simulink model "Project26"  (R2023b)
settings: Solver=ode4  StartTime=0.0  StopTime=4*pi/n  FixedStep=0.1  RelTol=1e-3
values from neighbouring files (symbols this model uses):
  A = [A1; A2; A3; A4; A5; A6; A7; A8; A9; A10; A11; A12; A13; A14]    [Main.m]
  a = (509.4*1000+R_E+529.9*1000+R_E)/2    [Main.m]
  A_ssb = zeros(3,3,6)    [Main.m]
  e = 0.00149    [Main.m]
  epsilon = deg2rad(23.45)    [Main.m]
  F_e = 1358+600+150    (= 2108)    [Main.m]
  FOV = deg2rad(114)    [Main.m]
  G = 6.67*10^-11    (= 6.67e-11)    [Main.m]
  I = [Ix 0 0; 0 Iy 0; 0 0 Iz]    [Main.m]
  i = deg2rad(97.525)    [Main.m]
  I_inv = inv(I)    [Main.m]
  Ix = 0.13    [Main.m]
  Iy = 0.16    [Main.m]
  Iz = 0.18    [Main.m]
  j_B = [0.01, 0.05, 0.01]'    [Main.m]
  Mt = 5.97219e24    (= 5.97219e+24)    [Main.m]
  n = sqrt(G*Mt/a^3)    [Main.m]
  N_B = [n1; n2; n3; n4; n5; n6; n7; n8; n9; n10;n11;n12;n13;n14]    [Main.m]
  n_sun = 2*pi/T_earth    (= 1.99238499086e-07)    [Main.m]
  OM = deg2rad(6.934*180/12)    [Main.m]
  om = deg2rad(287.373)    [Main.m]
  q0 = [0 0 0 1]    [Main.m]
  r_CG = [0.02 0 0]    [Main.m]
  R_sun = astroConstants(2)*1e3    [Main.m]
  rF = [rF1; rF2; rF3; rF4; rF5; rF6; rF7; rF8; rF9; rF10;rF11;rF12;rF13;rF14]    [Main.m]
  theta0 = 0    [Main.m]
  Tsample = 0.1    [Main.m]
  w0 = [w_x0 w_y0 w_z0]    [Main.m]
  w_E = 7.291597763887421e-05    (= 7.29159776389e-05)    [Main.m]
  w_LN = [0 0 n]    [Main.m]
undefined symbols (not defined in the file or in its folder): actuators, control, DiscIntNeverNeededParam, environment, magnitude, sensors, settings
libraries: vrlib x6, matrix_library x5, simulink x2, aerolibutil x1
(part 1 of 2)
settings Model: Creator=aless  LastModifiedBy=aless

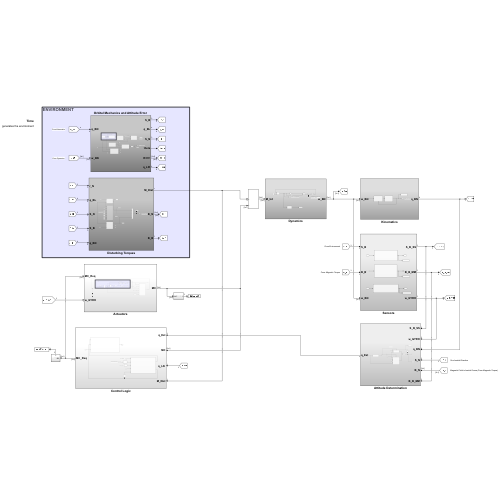
[thumbnail: Simulink's stored preview of the top-level diagram]
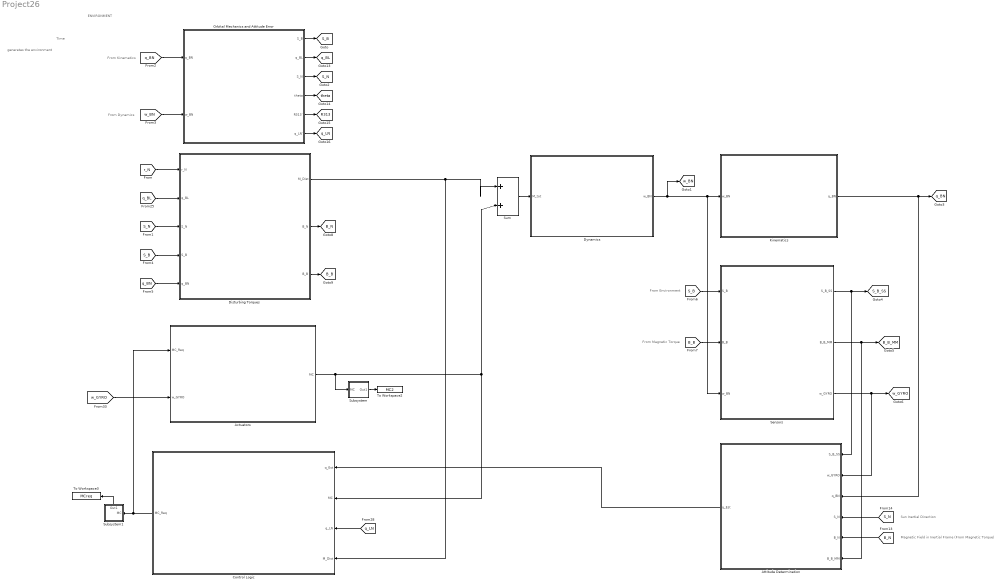
== system Project26 ==
  note: ENVIRONMENT
  note: generates the environment
  note: Time
  note: From Kinematics
  note: From Dynamics
  note: From Magnetic Torque
  note: From Environment
  note: Magnetic Field in Inertial Frame (From Magnetic Torque)
  note: Sun Inertial Direction
  Actuators : Subsystem
  Attitude Determination : Subsystem
  Control Logic : Subsystem
  Disturbing Torques : Subsystem
  Dynamics : Subsystem
  Kinematics : Subsystem
  "Orbital Mechanics and Attitude Error " : Subsystem
  Sensors : Subsystem
  Subsystem : Subsystem
  Subsystem1 : Subsystem
      settings: PortSchema="{\"entries\":[{\"content\":{\"sides\":[{\"content\":{},\"type\":\"ConnectorPlacement.EquallySpacedRectSide\",\"uuid\":\"79d52842-7462-4863-bae2-aaedde0a1e4a\"},{\"content\":{\"connectorIds\":[\"Out1\"],\"side\":\"RIGHT\"},\"type\":\"ConnectorPlacement.EquallySpacedRectSide\",\"uuid\":\"6db4fd27-b070-41dc-87e0-3dbfd9c74019\"},{\"content\":{\"side\":\"TOP\"},\"type\":\"ConnectorPlacement.EquallySpacedRectSide\",\"uuid\":\"0b737283-1eca-4b40-8e8f-9cc579166d68\"},{\"content\":{\"connectorIds\":[\"In1\"],\"side\":\"BOTTOM\"},\"type\":\"ConnectorPlacement.EquallySpacedRectSide\",\"uuid\":\"dd012077-7228-4314-a421-234f34c87179\"}]},\"type\":\"ConnectorPlacement.EquallySpacedConnector\",\"uuid\":\"e026e30a-a92e-42fe-b6eb-86c750f20789\"}],\"packageUris\":[\"http://schema.mathworks.com/mf0/Connector/R2020b\"],\"version\":\"1.0\"}"
  Sum : Sum  Inputs=|++
  To Workspace2 : ToWorkspace  VariableName=MC2  SampleTime=-1
  To Workspace3 : ToWorkspace  VariableName=MCreq  SampleTime=-1
  tag scope: B_B=global, B_B_MM=global, B_N=global, R313=global, S_B=global, S_B_SS=global, S_N=global, q_BL=global, q_BN=global, q_LN=global, theta=global, w_BN=global, w_GYRO=global
  wires:
  [w_BN] -> "Orbital Mechanics and Attitude Error "/2(w_BN)
  [q_BN] -> "Orbital Mechanics and Attitude Error "/1(q_BN)
  "Orbital Mechanics and Attitude Error "/1(S_B) -> [S_B]
  [S_N] -> Disturbing Torques/3(S_N)
  [r_N] -> Disturbing Torques/1(r_N)
  [S_B] -> Disturbing Torques/4(S_B)
  [q_BN] -> Disturbing Torques/5(q_BN)
  "Orbital Mechanics and Attitude Error "/3(S_N) -> [S_N]
  Kinematics/1(q_BN) -> Attitude Determination/3(q_BN), [q_BN]
  [S_B] -> Sensors/1(S_B)
  [B_B] -> Sensors/2(B_B)
  Sensors/1(S_B_SS) -> [S_B_SS], Attitude Determination/1(S_B_SS)
  Sensors/2(B_B_MM) -> [B_B_MM], Attitude Determination/6(B_B_MM)
  Sensors/3(w_GYRO) -> [w_GYRO], Attitude Determination/2(w_GYRO)
  Disturbing Torques/2(B_N) -> [B_N]
  Disturbing Torques/3(B_B) -> [B_B]
  Sum/1 -> Dynamics/1(M_tot)
  "Orbital Mechanics and Attitude Error "/2(q_BL) -> [q_BL]
  [q_BL] -> Disturbing Torques/2(q_BL)
  "Orbital Mechanics and Attitude Error "/4(theta) -> [theta]
  "Orbital Mechanics and Attitude Error "/5(R313') -> [R313]
  "Orbital Mechanics and Attitude Error "/6(q_LN') -> [q_LN]
  [w_GYRO] -> Actuators/1(w_GYRO)
  Actuators/1(MC) -> Sum/2, Control Logic/2(MC), Subsystem/1(MC)
  Subsystem/1(Out1) -> To Workspace2/1
  Subsystem1/1(Out1) -> To Workspace3/1
  Disturbing Torques/1(M_Dist) -> Control Logic/4(M_Dist), Sum/1
  Dynamics/1(w_BN) -> [w_BN], Sensors/3(w_BN), Kinematics/1(w_BN)
  [B_N] -> Attitude Determination/5(B_N)
  [S_N] -> Attitude Determination/4(S_N)
  Attitude Determination/1(q_Est) -> Control Logic/1(q_Est)
  [q_LN] -> Control Logic/3("q_LN ")
  Control Logic/1(MC_Req) -> Subsystem1/1(MC), Actuators/2(MC_Req)

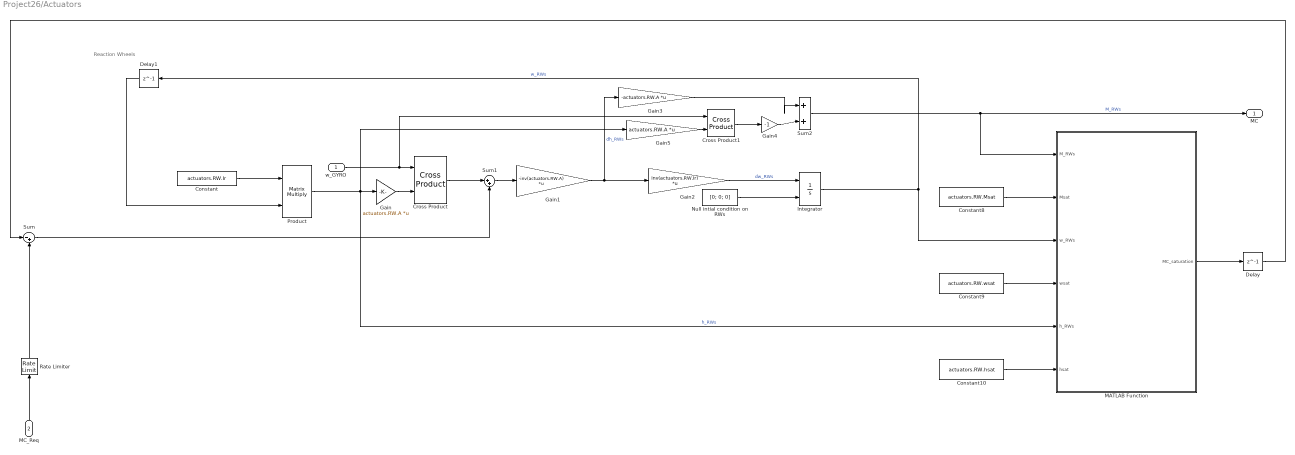
== system Project26/Actuators ==
  note: Reaction Wheels
  w_GYRO : Inport
  MC_Req : Inport  Port=2
  Constant : Constant  Value=actuators.RW.Ir
  Constant10 : Constant  Value=actuators.RW.hsat
  Constant8 : Constant  Value=actuators.RW.Msat
  Constant9 : Constant  Value=actuators.RW.wsat
  Cross Product : matrix_library/Cross Product
  Cross Product1 : matrix_library/Cross Product
  Delay : Delay  DelayLength=1
  Delay1 : Delay  DelayLength=1  InitialCondition=0
  Gain : Gain  Gain=actuators.RW.A  Multiplication=Matrix(K*u)
  Gain1 : Gain  Gain=-inv(actuators.RW.A)  Multiplication=Matrix(K*u)
  Gain2 : Gain  Gain=inv(actuators.RW.Ir)  Multiplication=Matrix(K*u)
  Gain3 : Gain  Gain=-actuators.RW.A  Multiplication=Matrix(K*u)
  Gain4 : Gain  Gain=-1
  Gain5 : Gain  Gain=actuators.RW.A  Multiplication=Matrix(K*u)
  Integrator : Integrator  InitialConditionSource=external
  MATLAB Function : MATLAB Function  TreatAsAtomicUnit=on
  Null intial condition on RWs : Constant  Value=[0; 0; 0]
  Product : Product  Multiplication=Matrix(*)
  Rate Limiter : RateLimiter
  Sum : Sum  Inputs=|-+
  Sum1 : Sum  Inputs=|++
  Sum2 : Sum  Inputs=|++
  MC : Outport
  wires:
  Sum/1 -> Sum1/2
  Sum2/1 -> MC/1, MATLAB Function/1(M_RWs)  "M_RWs"
  Gain2/1 -> Integrator/1  "dw_RWs"
  Gain3/1 -> Sum2/1
  Gain/1 -> Cross Product/2
  Delay1/1 -> Product/2
  w_GYRO/1 -> Cross Product1/1, Cross Product/1
  Gain1/1 -> Gain2/1, Gain3/1  "dh_RWs"
  Constant/1 -> Product/1
  Constant10/1 -> MATLAB Function/6(hsat)
  Delay/1 -> Sum/1
  MATLAB Function/1(MC_saturation) -> Delay/1
  Integrator/1 -> MATLAB Function/3(w_RWs), Delay1/1  "w_RWs"
  Product/1 -> MATLAB Function/5(h_RWs), Gain/1, Gain5/1  "h_RWs"
  Sum1/1 -> Gain1/1
  Gain5/1 -> Cross Product1/2
  Constant8/1 -> MATLAB Function/2(Msat)
  Constant9/1 -> MATLAB Function/4(wsat)
  Cross Product1/1 -> Gain4/1
  Cross Product/1 -> Sum1/1
  Gain4/1 -> Sum2/2
  Null intial condition on RWs/1 -> Integrator/2
  MC_Req/1 -> Rate Limiter/1
  Rate Limiter/1 -> Sum/2

== system Project26/Attitude Determination ==
  note: YES (isNaN = true)
  S_B_SS : Inport
  w_GYRO : Inport  Port=2
  q_BN : Inport  Port=3
  S_N : Inport  Port=4
  B_N : Inport  Port=5
  B_B_MM : Inport  Port=6
  Delay : Delay  DelayLength=1
  Enabled Subsystem : Subsystem  TreatAsAtomicUnit=on
  Enabled Subsystem1 : Subsystem  TreatAsAtomicUnit=on
  Merge1 : Merge
  NOT (Change of condition) : Logic  Operator=NOT  IconShape=distinctive  AllPortsSameDT=off  OutDataTypeStr=boolean
  Out of FOV check : Subsystem
  To Workspace : ToWorkspace  VariableName=delay  SaveFormat=Timeseries  SampleTime=-1
  To Workspace9 : ToWorkspace  VariableName=q_Est  SampleTime=-1
  q_Est : Outport
  wires:
  S_B_SS/1 -> Enabled Subsystem1/5(S_B_SS), Out of FOV check/1(S_B_SS)
  Out of FOV check/1(Out1) -> NOT (Change of condition)/1, Enabled Subsystem/Enable
  w_GYRO/1 -> Enabled Subsystem/1(w_GYRO)
  q_BN/1 -> Enabled Subsystem1/1(q_BN), Enabled Subsystem/3(q_BN)
  Enabled Subsystem/1(q_est) -> Merge1/1
  Merge1/1 -> To Workspace9/1, q_Est/1, Delay/1
  Delay/1 -> To Workspace/1, Enabled Subsystem/2(q_0)
  Enabled Subsystem1/1(q_est) -> Merge1/2
  NOT (Change of condition)/1 -> Enabled Subsystem1/Enable
  S_N/1 -> Enabled Subsystem1/2(S_N)
  B_N/1 -> Enabled Subsystem1/3(B_N)
  B_B_MM/1 -> Enabled Subsystem1/4(B_B_MM)

== system Project26/Control Logic ==
  note: From Actuators
  note: From Attitude Determination
  note: From Gyroscopes
  q_Est : Inport
  MC : Inport  Port=2
  "q_LN " : Inport  Port=3
  M_Dist : Inport  Port=4
  Control Block : Subsystem
  Delay : Delay  DelayLength=1
  Normalize Vector2 : vrlib/Utilities/Normalize Vector  maxzero=0
  State Observer : Subsystem
  MC_Req : Outport
  wires:
  q_Est/1 -> Normalize Vector2/1
  [w_GYRO] -> State Observer/3(w_GYRO)
  Delay/1 -> State Observer/5(q_obs_delay)
  Normalize Vector2/1 -> State Observer/2(q_raw)
  Control Block/1(MC_Req) -> MC_Req/1
  State Observer/2(q_obs) -> Control Block/2(q_obs), Delay/1
  State Observer/1(w_obs) -> Control Block/1(w_obs)
  MC/1 -> State Observer/1(MC_est)
  "q_LN "/1 -> Control Block/3("q_LN ")
  M_Dist/1 -> State Observer/4(MD)

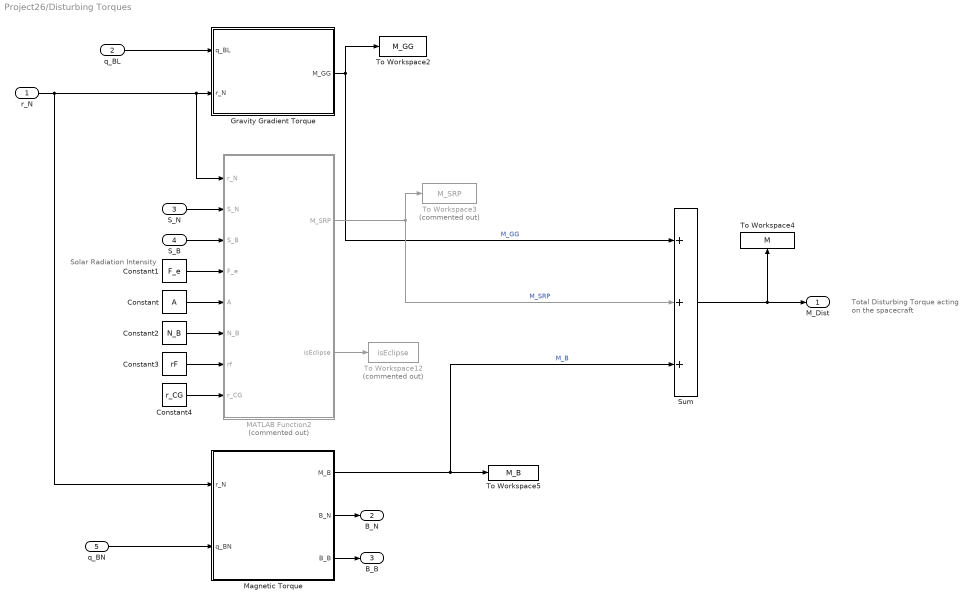
== system Project26/Disturbing Torques ==
  note: Total Disturbing Torque
      | acting on the spacecraft
  note: Solar Radiation Intensity
  r_N : Inport
  q_BL : Inport  Port=2
  S_N : Inport  Port=3
  S_B : Inport  Port=4
  q_BN : Inport  Port=5
  Constant : Constant  Value=A
  Constant1 : Constant  Value=F_e
  Constant2 : Constant  Value=N_B
  Constant3 : Constant  Value=rF
  Constant4 : Constant  Value=r_CG
  Gravity Gradient Torque : Subsystem
  MATLAB Function2 : MATLAB Function  Commented=on  TreatAsAtomicUnit=on
  Magnetic Torque : Subsystem
  Sum : Sum  Inputs=+++
  To Workspace12 : ToWorkspace  Commented=on  VariableName=isEclipse  SampleTime=-1
  To Workspace2 : ToWorkspace  VariableName=M_GG  SampleTime=-1
  To Workspace3 : ToWorkspace  Commented=on  VariableName=M_SRP  SampleTime=-1
  To Workspace4 : ToWorkspace  VariableName=M  SampleTime=-1
  To Workspace5 : ToWorkspace  VariableName=M_B  SampleTime=-1
  M_Dist : Outport
  B_N : Outport  Port=2
  B_B : Outport  Port=3
  wires:
  Constant1/1 -> MATLAB Function2/4(F_e)
  q_BL/1 -> Gravity Gradient Torque/1(q_BL)
  r_N/1 -> MATLAB Function2/1(r_N), Gravity Gradient Torque/2(r_N), Magnetic Torque/1(r_N)
  MATLAB Function2/2(isEclipse) -> To Workspace12/1
  q_BN/1 -> Magnetic Torque/2(q_BN)
  Sum/1 -> M_Dist/1, To Workspace4/1
  Gravity Gradient Torque/1(M_GG) -> To Workspace2/1, Sum/1  "M_GG"
  Magnetic Torque/1(M_B) -> Sum/3, To Workspace5/1  "M_B"
  S_N/1 -> MATLAB Function2/2(S_N)
  S_B/1 -> MATLAB Function2/3(S_B)
  Magnetic Torque/2(B_N) -> B_N/1
  Magnetic Torque/3(B_B) -> B_B/1
  Constant/1 -> MATLAB Function2/5(A)
  Constant2/1 -> MATLAB Function2/6(N_B)
  MATLAB Function2/1(M_SRP) -> To Workspace3/1, Sum/2  "M_SRP"
  Constant3/1 -> MATLAB Function2/7(rf)
  Constant4/1 -> MATLAB Function2/8(r_CG)

== system Project26/Dynamics ==
  note: Total Disturbing Torque+Control
      | acting on the spacecraft
  note: Angular velocity ( Body Frame )
  note: w
  M_tot : Inport
  Cross Product : vrlib/Utilities/Cross Product
  Gain : Gain  Gain=I  Multiplication=Matrix(K*u)
  Gain1 : Gain  Gain=I_inv  Multiplication=Matrix(K*u)
  Initial Condition : Constant  Value=w0
  Integrator : Integrator  InitialConditionSource=external
  Subsystem : Subsystem
  Sum : Sum  Inputs=|++
  To Workspace1 : ToWorkspace  VariableName=omega  SampleTime=-1
  w_BN : Outport
  wires:
  M_tot/1 -> Sum/2
  Gain1/1 -> Integrator/1
  Initial Condition/1 -> Integrator/2
  Sum/1 -> Gain1/1
  Gain/1 -> Cross Product/1  "I*w"
  Cross Product/1 -> Sum/1
  Integrator/1 -> Subsystem/1(MC), w_BN/1, Cross Product/2, Gain/1
  Subsystem/1(Out1) -> To Workspace1/1

== system Project26/Kinematics ==
  note: (Body Frame Quaternion)
  w_BN : Inport
  Quaternion Normalisation : Subsystem
  Quaternions : Subsystem
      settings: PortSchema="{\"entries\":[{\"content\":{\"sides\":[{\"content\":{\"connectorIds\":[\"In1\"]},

——

* _WHAT THE TASK ASKS_:
Reproduce word for word the material above, starting with the line that has "Rate Limiter : RateLimiter" and stopping after the line that has "Merge1 : Merge".

* _ANSWER BOX_:
  Rate Limiter : RateLimiter
  Sum : Sum  Inputs=|-+
  Sum1 : Sum  Inputs=|++
  Sum2 : Sum  Inputs=|++
  MC : Outport
  wires:
  Sum/1 -> Sum1/2
  Sum2/1 -> MC/1, MATLAB Function/1(M_RWs)  "M_RWs"
  Gain2/1 -> Integrator/1  "dw_RWs"
  Gain3/1 -> Sum2/1
  Gain/1 -> Cross Product/2
  Delay1/1 -> Product/2
  w_GYRO/1 -> Cross Product1/1, Cross Product/1
  Gain1/1 -> Gain2/1, Gain3/1  "dh_RWs"
  Constant/1 -> Product/1
  Constant10/1 -> MATLAB Function/6(hsat)
  Delay/1 -> Sum/1
  MATLAB Function/1(MC_saturation) -> Delay/1
  Integrator/1 -> MATLAB Function/3(w_RWs), Delay1/1  "w_RWs"
  Product/1 -> MATLAB Function/5(h_RWs), Gain/1, Gain5/1  "h_RWs"
  Sum1/1 -> Gain1/1
  Gain5/1 -> Cross Product1/2
  Constant8/1 -> MATLAB Function/2(Msat)
  Constant9/1 -> MATLAB Function/4(wsat)
  Cross Product1/1 -> Gain4/1
  Cross Product/1 -> Sum1/1
  Gain4/1 -> Sum2/2
  Null intial condition on RWs/1 -> Integrator/2
  MC_Req/1 -> Rate Limiter/1
  Rate Limiter/1 -> Sum/2

== system Project26/Attitude Determination ==
  note: YES (isNaN = true)
  S_B_SS : Inport
  w_GYRO : Inport  Port=2
  q_BN : Inport  Port=3
  S_N : Inport  Port=4
  B_N : Inport  Port=5
  B_B_MM : Inport  Port=6
  Delay : Delay  DelayLength=1
  Enabled Subsystem : Subsystem  TreatAsAtomicUnit=on
  Enabled Subsystem1 : Subsystem  TreatAsAtomicUnit=on
  Merge1 : Merge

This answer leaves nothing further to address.